The ECB took the drastic step one week ago of dropping the deposit rate to minus 0.1%, which means banks will have to pay to deposit money with it.

The move is hoped to encourage banks to lend their money instead, ideally to businesses, to boost the economy in general.
 
Analysts say the move to introduce negative interest rates could drive more European bank investors towards bonds or mortgage-backed securities issued by Australian banks, pushing down the sector’s ­funding costs.

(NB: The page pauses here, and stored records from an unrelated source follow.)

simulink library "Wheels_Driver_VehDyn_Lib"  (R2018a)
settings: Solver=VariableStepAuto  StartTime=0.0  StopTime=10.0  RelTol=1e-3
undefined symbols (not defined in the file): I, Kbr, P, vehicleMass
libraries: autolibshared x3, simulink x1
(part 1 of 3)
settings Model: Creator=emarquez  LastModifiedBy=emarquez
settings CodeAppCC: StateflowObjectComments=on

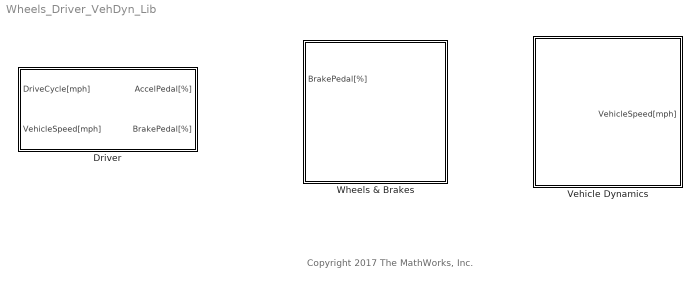
== system Wheels_Driver_VehDyn_Lib ==
  note: Copyright 2017 The MathWorks, Inc.
  Driver : Subsystem
  Vehicle Dynamics : Subsystem
  Wheels & Brakes : Subsystem

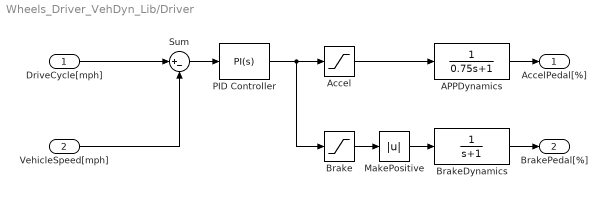
== system Wheels_Driver_VehDyn_Lib/Driver ==
  " DriveCycle[mph]" : Inport
  VehicleSpeed[mph] : Inport  Port=2
  APPDynamics : TransferFcn  Denominator=[0.75 1]
  Accel : Saturate  UpperLimit=100  LowerLimit=0
  Brake : Saturate  UpperLimit=0  LowerLimit=-100
  BrakeDynamics : TransferFcn  Denominator=[1 1]
  MakePositive : Abs
  PID Controller : simulink/Continuous/PID Controller  Controller=PI  TimeDomain=Continuous-time  SampleTime=-1  IntegratorMethod=Forward Euler  FilterMethod=Forward Euler  Form=Parallel  UseFilter=on  ControllerParametersSource=internal  P=P  I=I  D=0  N=100  InitialConditionSource=internal  InitialConditionForIntegrator=0  InitialConditionForFilter=0  ExternalReset=none  LimitOutput=on  UpperSaturationLimit=100  LowerSaturationLimit=-100  LinearizeAsGain=on  AntiWindupMode=none  Kb=1  TrackingMode=off  Kt=1  PParamMin=[]  PParamMax=[]  IParamMin=[]  IParamMax=[]  DParamMin=[]  DParamMax=[]  NParamMin=[]  NParamMax=[]  KbParamMin=[]  KbParamMax=[]  KtParamMin=[]  KtParamMax=[]  POutMin=[]  POutMax=[]  IOutMin=[]  IOutMax=[]  DOutMin=[]  DOutMax=[]  NOutMin=[]  NOutMax=[]  KbOutMin=[]  KbOutMax=[]  KtOutMin=[]  KtOutMax=[]  IntegratorOutMin=[]  IntegratorOutMax=[]  FilterOutMin=[]  FilterOutMax=[]  SumOutMin=[]  SumOutMax=[]  SumI1OutMin=[]  SumI1OutMax=[]  SumI2OutMin=[]  SumI2OutMax=[]  SumI3OutMin=[]  SumI3OutMax=[]  SumDOutMin=[]  SumDOutMax=[]  SaturationOutMin=[]  SaturationOutMax=[]  IntegratorContinuousStateAttributes=''  IntegratorStateMustResolveToSignalObject=off  IntegratorRTWStateStorageClass=Auto  FilterContinuousStateAttributes=''  FilterStateMustResolveToSignalObject=off  FilterRTWStateStorageClass=Auto  DifferentiatorICPrevScaledInput=0  DifferentiatorOutMin=[]  DifferentiatorOutMax=[]  InitialConditionSetting=State (most efficient)  FilterDiffOutCoefMin=[]  FilterDiffOutCoefMax=[]  SumDenOutMin=[]  SumDenOutMax=[]  SumNumOutMin=[]  SumNumOutMax=[]  ReciprocalOutMin=[]  ReciprocalOutMax=[]  DivideOutMin=[]  DivideOutMax=[]  TunerSelectOption=Transfer Function Based (PID Tuner App)
  Sum : Sum  Inputs=|+-
  AccelPedal[%] : Outport
  BrakePedal[%] : Outport  Port=2
  wires:
  APPDynamics/1 -> AccelPedal[%]/1
  Accel/1 -> APPDynamics/1
  Brake/1 -> MakePositive/1
  Sum/1 -> PID Controller/1
  PID Controller/1 -> Brake/1, Accel/1
  VehicleSpeed[mph]/1 -> Sum/2
  " DriveCycle[mph]"/1 -> Sum/1
  BrakeDynamics/1 -> BrakePedal[%]/1
  MakePositive/1 -> BrakeDynamics/1

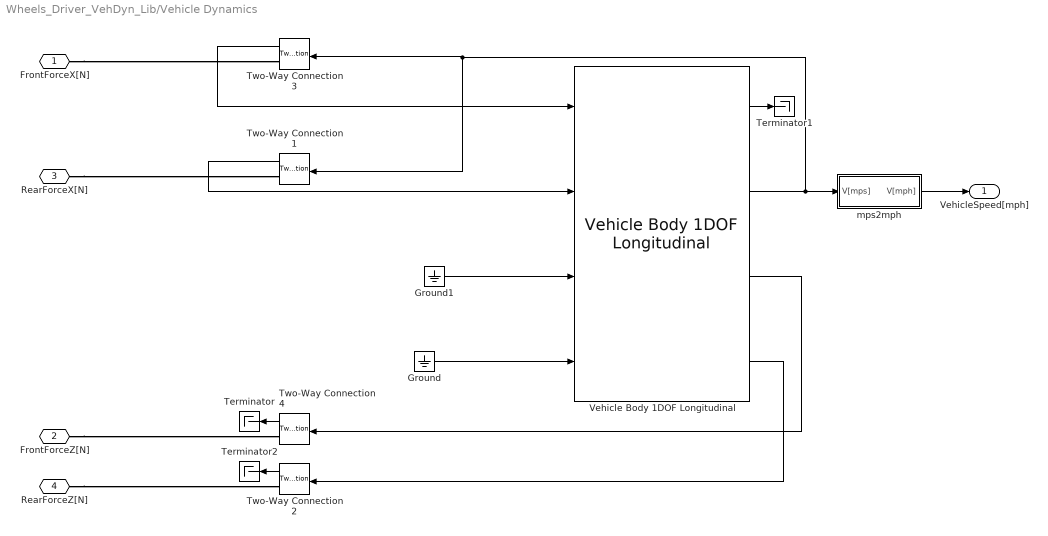
== system Wheels_Driver_VehDyn_Lib/Vehicle Dynamics ==
  Ground : Ground
  Ground1 : Ground
  Terminator : Terminator
  Terminator1 : Terminator
  Terminator2 : Terminator
  Two-Way Connection{1..4} (4 alike) : TwoWayConnection
  Vehicle Body 1DOF Longitudinal : autolibshared/Vehicle Body 1DOF Longitudinal  VariantControl=SL  NF=2  NR=2  m=vehicleMass  a=1.4  b=1.8  h=.35  Cd=.3  Af=4  x_o=0  xdot_o=0  Pabs=101325  T=273  g=9.81
      settings: SourceProductName=Powertrain Blockset  SourceProductBaseCode=PW
  mps2mph : Subsystem
  FrontForceX[N] : PMIOPort  Side=Left
  FrontForceZ[N] : PMIOPort  Port=2  Side=Left
  RearForceX[N] : PMIOPort  Port=3  Side=Left
  RearForceZ[N] : PMIOPort  Port=4  Side=Left
  VehicleSpeed[mph] : Outport
  wires:
  mps2mph/1(V[mph]) -> VehicleSpeed[mph]/1
  Two-Way Connection2/1 -> Terminator2/1
  Two-Way Connection4/1 -> Terminator/1
  Two-Way Connection1/1 -> Vehicle Body 1DOF Longitudinal/2
  Two-Way Connection3/1 -> Vehicle Body 1DOF Longitudinal/1
  Vehicle Body 1DOF Longitudinal/4 -> Two-Way Connection2/1
  Vehicle Body 1DOF Longitudinal/3 -> Two-Way Connection4/1
  Vehicle Body 1DOF Longitudinal/1 -> Terminator1/1
  Vehicle Body 1DOF Longitudinal/2 -> mps2mph/1(V[mps]), Two-Way Connection3/1, Two-Way Connection1/1
  Ground/1 -> Vehicle Body 1DOF Longitudinal/4
  Ground1/1 -> Vehicle Body 1DOF Longitudinal/3
  connections:
  RearForceZ[N]/RConn1 -- Two-Way Connection2/RConn1
  RearForceX[N]/RConn1 -- Two-Way Connection1/RConn1
  FrontForceZ[N]/RConn1 -- Two-Way Connection4/RConn1
  FrontForceX[N]/RConn1 -- Two-Way Connection3/RConn1

But FBAA chief executive Peter White says while all borrowers like cheaper rates, it will also encourage people to overcommit without taking future rate rises into consideration.
 
“Our response to these media reports is 'caveat emptor' - buyer beware – as rates that are too low can only go in one direction.”
 
Abnormally low rates may encourage more loans but, “the upwards correction could be quite large to compensate the extreme low”, White says.
 
“This will not only remove any advantage borrowers had but could have the reverse effect and result in people losing their homes due to a failure to meet increased payments.”
 
The FBAA advocates for banks to absorb increases to protect borrowers, and banks should equally absorb any unusually low cost of funds, White says.
 
“Borrowers thrive when interest rates are more constant. Any drop on the cost of funds simply won't last. It can’t.”

The ECB broke new ground by becoming the first major central bank to have a negative deposit rate while also proving up to €400 billion ($585 billion) in cheap loans to lenders.